Data extracted from a collection:

· · · · · · ·

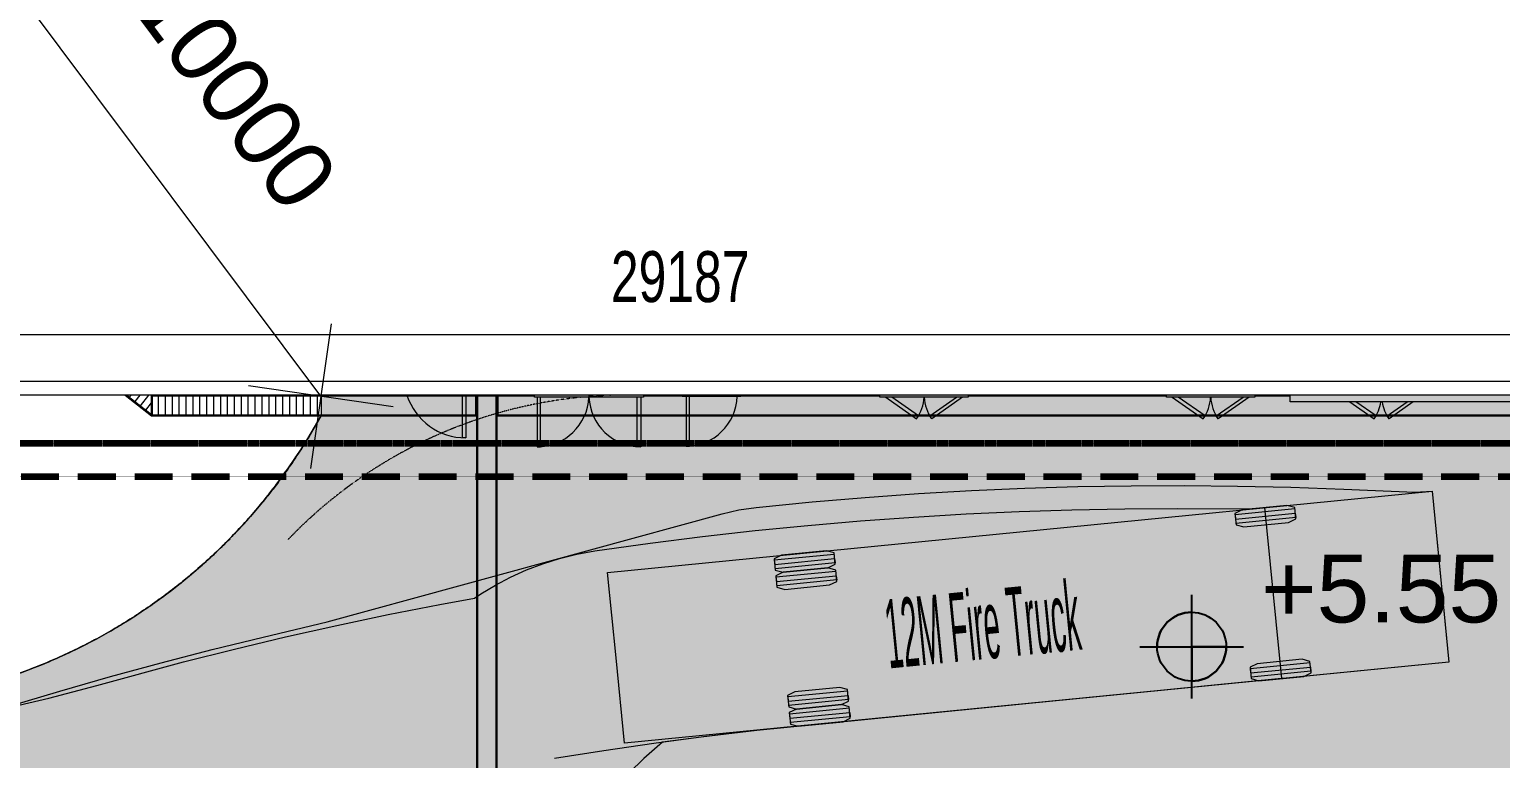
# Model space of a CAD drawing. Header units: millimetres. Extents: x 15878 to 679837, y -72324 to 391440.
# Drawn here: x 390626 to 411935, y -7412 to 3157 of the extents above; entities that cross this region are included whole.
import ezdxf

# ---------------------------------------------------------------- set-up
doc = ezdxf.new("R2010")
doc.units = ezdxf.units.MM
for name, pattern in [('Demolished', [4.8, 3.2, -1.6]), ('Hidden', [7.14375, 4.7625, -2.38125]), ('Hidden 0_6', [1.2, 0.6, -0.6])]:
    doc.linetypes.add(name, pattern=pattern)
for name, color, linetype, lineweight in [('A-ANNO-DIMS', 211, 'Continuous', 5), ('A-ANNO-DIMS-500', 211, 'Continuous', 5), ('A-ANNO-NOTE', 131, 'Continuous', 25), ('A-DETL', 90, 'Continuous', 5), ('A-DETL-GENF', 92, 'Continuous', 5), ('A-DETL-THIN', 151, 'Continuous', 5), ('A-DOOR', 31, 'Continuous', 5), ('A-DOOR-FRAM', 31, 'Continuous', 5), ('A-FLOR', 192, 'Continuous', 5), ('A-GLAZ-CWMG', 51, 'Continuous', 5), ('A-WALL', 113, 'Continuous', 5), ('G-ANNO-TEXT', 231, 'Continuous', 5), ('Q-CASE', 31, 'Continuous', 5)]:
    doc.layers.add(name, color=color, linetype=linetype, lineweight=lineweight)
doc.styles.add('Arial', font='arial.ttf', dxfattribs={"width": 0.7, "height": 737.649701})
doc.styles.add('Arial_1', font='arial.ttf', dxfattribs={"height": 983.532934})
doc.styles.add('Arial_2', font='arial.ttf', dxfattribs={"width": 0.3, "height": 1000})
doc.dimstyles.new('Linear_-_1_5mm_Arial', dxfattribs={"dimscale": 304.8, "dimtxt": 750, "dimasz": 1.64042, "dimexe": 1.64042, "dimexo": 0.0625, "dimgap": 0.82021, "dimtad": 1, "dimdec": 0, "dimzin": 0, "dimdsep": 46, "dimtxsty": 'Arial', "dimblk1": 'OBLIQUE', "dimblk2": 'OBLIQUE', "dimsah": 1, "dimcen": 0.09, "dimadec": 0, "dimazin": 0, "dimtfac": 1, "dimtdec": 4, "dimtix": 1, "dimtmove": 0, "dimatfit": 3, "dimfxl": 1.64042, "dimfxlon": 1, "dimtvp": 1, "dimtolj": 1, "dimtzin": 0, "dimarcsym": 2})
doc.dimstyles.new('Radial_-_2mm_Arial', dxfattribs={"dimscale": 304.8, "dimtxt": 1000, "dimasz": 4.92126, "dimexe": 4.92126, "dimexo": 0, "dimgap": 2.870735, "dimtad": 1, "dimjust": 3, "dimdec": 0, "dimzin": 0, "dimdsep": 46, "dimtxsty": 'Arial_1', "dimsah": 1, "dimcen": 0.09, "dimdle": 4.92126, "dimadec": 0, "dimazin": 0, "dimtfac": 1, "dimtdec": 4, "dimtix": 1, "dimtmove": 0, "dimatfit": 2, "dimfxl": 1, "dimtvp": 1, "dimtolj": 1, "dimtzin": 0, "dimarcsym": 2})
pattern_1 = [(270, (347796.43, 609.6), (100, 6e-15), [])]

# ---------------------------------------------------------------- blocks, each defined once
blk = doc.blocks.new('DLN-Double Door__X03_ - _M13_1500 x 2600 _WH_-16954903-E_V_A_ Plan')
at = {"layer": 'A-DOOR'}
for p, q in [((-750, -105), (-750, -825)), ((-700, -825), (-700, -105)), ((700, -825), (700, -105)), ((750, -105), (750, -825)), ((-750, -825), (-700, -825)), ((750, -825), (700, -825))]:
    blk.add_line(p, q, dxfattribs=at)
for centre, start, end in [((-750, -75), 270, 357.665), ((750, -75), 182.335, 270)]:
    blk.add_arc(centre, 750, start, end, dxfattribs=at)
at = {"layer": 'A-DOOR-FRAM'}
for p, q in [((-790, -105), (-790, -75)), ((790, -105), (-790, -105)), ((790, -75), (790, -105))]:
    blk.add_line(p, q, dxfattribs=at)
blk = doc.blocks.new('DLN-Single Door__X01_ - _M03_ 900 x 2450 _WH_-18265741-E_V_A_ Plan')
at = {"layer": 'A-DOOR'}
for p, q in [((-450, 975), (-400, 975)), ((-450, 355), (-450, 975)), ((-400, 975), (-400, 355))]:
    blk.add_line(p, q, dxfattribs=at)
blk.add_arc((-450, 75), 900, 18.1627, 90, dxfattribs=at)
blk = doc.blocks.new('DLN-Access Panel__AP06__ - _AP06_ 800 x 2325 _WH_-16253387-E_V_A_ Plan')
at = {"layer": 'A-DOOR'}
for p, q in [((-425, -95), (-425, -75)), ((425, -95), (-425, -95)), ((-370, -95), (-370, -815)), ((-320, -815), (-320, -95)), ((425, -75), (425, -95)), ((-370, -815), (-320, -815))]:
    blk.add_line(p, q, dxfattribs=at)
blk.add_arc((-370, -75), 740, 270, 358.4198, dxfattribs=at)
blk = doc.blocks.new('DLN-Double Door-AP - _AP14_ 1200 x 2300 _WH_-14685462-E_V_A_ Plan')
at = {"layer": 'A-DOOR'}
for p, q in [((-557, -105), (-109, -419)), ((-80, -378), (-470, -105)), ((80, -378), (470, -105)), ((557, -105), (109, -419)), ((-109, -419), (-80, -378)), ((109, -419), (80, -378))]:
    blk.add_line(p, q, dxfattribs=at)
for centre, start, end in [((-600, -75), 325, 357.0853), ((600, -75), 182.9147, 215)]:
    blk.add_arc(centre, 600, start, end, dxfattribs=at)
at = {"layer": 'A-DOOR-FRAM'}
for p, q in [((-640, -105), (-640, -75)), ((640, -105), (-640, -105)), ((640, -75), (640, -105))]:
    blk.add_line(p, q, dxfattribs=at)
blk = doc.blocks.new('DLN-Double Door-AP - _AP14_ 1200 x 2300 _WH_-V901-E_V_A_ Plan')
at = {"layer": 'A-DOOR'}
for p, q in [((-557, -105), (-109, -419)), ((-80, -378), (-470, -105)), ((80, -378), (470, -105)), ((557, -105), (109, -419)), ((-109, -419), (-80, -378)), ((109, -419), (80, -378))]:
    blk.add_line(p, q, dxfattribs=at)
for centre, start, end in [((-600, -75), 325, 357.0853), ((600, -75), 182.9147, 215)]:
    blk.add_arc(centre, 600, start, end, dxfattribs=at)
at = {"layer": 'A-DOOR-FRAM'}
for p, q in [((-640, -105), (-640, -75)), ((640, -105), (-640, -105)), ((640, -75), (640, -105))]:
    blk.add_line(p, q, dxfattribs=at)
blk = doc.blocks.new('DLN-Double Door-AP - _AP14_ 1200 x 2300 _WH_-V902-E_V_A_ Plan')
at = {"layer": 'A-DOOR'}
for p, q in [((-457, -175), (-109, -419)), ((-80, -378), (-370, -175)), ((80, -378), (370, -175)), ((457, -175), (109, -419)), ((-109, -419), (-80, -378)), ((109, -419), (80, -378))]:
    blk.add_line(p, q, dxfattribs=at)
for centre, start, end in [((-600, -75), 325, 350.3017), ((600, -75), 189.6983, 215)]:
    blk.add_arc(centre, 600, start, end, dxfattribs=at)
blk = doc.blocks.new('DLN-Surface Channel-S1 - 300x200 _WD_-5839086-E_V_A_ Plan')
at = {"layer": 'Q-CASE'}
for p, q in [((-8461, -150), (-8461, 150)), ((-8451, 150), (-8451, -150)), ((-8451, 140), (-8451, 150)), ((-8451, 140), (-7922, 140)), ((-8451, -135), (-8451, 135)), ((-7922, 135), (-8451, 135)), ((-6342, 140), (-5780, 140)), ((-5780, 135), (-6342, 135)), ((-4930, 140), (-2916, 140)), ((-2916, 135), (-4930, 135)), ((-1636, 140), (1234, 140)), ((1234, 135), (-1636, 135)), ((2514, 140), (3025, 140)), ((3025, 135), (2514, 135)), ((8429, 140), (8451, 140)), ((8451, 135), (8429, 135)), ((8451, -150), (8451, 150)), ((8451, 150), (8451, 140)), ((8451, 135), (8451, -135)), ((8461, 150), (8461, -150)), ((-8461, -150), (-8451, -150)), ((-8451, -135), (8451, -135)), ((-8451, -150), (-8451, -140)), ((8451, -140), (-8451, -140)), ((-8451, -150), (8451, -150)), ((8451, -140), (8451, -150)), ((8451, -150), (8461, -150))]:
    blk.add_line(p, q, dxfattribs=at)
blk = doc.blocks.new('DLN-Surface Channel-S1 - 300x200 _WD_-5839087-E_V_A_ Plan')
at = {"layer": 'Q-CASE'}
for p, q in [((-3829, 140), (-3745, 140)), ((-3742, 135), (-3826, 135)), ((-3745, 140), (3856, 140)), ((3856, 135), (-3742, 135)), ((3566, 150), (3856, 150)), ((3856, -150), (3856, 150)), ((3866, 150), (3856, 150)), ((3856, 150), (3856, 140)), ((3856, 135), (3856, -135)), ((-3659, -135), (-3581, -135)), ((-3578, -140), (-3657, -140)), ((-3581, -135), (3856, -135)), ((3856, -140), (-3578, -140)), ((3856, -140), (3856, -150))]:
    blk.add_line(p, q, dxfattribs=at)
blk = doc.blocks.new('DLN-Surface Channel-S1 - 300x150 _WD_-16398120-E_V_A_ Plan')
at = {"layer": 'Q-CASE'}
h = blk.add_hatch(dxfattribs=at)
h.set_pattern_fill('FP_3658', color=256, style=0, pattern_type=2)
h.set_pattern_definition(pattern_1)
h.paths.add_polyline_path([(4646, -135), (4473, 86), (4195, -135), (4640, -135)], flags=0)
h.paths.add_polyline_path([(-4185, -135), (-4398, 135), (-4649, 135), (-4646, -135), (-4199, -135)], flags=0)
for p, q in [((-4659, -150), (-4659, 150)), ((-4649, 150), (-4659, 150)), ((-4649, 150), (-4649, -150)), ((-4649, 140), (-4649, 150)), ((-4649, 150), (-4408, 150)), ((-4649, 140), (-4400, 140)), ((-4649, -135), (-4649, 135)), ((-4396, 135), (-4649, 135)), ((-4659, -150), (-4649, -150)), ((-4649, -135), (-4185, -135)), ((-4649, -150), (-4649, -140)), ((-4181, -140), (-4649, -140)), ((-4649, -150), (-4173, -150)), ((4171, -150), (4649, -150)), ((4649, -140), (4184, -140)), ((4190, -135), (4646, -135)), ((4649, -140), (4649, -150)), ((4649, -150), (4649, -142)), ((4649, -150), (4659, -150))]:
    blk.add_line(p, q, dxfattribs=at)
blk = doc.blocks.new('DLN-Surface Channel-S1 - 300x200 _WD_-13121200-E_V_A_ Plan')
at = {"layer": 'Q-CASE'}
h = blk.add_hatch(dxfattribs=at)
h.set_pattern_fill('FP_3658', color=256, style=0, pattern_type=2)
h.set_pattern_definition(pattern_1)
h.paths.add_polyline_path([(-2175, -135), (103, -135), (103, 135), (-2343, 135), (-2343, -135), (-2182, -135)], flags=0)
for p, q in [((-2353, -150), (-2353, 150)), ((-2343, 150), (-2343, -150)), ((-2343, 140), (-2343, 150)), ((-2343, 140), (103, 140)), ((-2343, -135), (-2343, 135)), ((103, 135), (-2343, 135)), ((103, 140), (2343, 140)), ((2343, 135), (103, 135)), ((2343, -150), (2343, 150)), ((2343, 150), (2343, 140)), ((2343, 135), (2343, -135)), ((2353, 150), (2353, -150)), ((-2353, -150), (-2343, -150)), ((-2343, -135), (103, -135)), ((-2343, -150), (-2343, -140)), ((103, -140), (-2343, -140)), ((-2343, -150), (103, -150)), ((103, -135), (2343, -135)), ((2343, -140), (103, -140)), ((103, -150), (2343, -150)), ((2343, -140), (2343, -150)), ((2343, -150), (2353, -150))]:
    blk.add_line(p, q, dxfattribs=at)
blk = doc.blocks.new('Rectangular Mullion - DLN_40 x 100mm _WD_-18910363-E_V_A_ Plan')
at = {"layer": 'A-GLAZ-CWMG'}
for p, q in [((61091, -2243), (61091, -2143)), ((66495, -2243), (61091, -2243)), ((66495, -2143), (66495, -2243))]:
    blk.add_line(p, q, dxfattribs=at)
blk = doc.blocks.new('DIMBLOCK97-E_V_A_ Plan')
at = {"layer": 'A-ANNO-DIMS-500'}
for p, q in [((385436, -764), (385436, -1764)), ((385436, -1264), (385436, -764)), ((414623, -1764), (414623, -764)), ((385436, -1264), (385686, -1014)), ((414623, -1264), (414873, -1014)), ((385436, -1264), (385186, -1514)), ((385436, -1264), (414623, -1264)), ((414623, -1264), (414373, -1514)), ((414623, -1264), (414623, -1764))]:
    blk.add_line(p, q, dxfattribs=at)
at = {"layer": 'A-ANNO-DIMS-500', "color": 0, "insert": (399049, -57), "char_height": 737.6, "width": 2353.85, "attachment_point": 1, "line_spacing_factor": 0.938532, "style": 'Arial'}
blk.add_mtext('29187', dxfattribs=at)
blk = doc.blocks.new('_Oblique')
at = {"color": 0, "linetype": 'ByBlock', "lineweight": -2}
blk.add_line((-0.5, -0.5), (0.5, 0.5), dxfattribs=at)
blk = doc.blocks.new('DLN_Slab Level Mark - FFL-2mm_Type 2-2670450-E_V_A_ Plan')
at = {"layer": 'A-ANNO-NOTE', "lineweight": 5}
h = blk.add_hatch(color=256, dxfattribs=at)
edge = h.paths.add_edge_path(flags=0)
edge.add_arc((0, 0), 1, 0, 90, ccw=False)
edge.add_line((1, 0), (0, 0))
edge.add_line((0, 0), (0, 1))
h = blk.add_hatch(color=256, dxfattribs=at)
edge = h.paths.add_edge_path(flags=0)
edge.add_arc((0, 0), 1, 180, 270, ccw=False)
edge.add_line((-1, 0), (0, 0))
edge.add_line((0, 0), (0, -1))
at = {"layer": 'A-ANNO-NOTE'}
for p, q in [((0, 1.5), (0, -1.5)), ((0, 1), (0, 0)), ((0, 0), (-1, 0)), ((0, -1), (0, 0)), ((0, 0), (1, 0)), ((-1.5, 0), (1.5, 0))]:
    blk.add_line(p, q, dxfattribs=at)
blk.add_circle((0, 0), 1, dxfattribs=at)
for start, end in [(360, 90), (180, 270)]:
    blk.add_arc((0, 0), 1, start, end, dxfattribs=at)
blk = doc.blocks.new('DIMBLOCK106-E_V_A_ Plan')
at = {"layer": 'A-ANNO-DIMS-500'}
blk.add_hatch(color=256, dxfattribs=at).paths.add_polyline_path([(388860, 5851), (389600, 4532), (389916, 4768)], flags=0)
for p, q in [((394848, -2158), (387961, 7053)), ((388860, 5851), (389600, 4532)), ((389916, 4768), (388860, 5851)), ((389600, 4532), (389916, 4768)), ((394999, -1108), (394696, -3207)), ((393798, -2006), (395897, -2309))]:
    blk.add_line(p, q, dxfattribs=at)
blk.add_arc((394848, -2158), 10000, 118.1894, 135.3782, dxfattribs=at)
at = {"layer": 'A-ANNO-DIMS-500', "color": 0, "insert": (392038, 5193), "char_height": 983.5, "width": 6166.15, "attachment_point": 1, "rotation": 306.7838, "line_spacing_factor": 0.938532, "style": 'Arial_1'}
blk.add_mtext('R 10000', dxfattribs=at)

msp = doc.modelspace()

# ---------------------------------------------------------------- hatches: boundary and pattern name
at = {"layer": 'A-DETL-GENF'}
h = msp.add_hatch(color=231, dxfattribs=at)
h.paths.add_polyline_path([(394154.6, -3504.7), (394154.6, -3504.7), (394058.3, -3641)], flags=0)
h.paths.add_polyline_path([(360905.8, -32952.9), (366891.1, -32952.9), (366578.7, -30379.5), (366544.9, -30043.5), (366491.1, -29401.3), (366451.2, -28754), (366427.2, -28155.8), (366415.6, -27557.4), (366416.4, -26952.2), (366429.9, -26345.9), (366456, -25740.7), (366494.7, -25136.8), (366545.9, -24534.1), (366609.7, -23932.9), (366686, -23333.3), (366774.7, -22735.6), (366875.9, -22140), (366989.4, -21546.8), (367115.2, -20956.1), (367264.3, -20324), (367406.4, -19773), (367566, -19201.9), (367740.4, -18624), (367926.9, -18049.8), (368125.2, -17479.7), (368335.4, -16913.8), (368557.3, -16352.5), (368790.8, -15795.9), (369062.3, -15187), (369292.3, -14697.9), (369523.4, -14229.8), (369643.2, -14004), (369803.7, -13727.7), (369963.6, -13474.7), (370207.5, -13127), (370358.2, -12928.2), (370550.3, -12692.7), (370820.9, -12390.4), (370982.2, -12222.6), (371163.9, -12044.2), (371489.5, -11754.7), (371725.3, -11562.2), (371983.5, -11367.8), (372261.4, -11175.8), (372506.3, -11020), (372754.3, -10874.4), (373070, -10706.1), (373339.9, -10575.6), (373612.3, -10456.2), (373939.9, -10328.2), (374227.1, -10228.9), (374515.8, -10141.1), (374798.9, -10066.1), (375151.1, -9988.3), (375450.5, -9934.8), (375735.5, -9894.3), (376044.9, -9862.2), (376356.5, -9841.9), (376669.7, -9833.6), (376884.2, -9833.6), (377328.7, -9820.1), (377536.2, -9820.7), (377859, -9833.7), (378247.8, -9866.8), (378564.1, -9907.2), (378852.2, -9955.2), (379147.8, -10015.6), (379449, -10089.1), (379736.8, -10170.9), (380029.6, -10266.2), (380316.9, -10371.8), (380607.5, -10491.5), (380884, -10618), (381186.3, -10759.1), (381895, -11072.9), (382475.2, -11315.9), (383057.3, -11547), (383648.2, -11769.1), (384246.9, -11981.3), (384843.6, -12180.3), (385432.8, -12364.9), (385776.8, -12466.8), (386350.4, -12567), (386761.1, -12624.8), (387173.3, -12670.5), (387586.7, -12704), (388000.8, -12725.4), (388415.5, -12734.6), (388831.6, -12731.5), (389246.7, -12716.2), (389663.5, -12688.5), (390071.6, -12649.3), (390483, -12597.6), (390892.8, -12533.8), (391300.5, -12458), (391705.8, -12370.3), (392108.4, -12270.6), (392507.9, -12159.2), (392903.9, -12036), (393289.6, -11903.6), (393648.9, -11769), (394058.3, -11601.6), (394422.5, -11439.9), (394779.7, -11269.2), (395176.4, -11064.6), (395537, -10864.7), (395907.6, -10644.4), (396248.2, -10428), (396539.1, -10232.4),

· · · · · · ·

*PROBLEM STATEMENT*
For each line of the data that includes the word "ezdxf", return a copy of it.

*SOLUTION FOR THIS EXERCISE*
import ezdxf
doc = ezdxf.new("R2010")
doc.units = ezdxf.units.MM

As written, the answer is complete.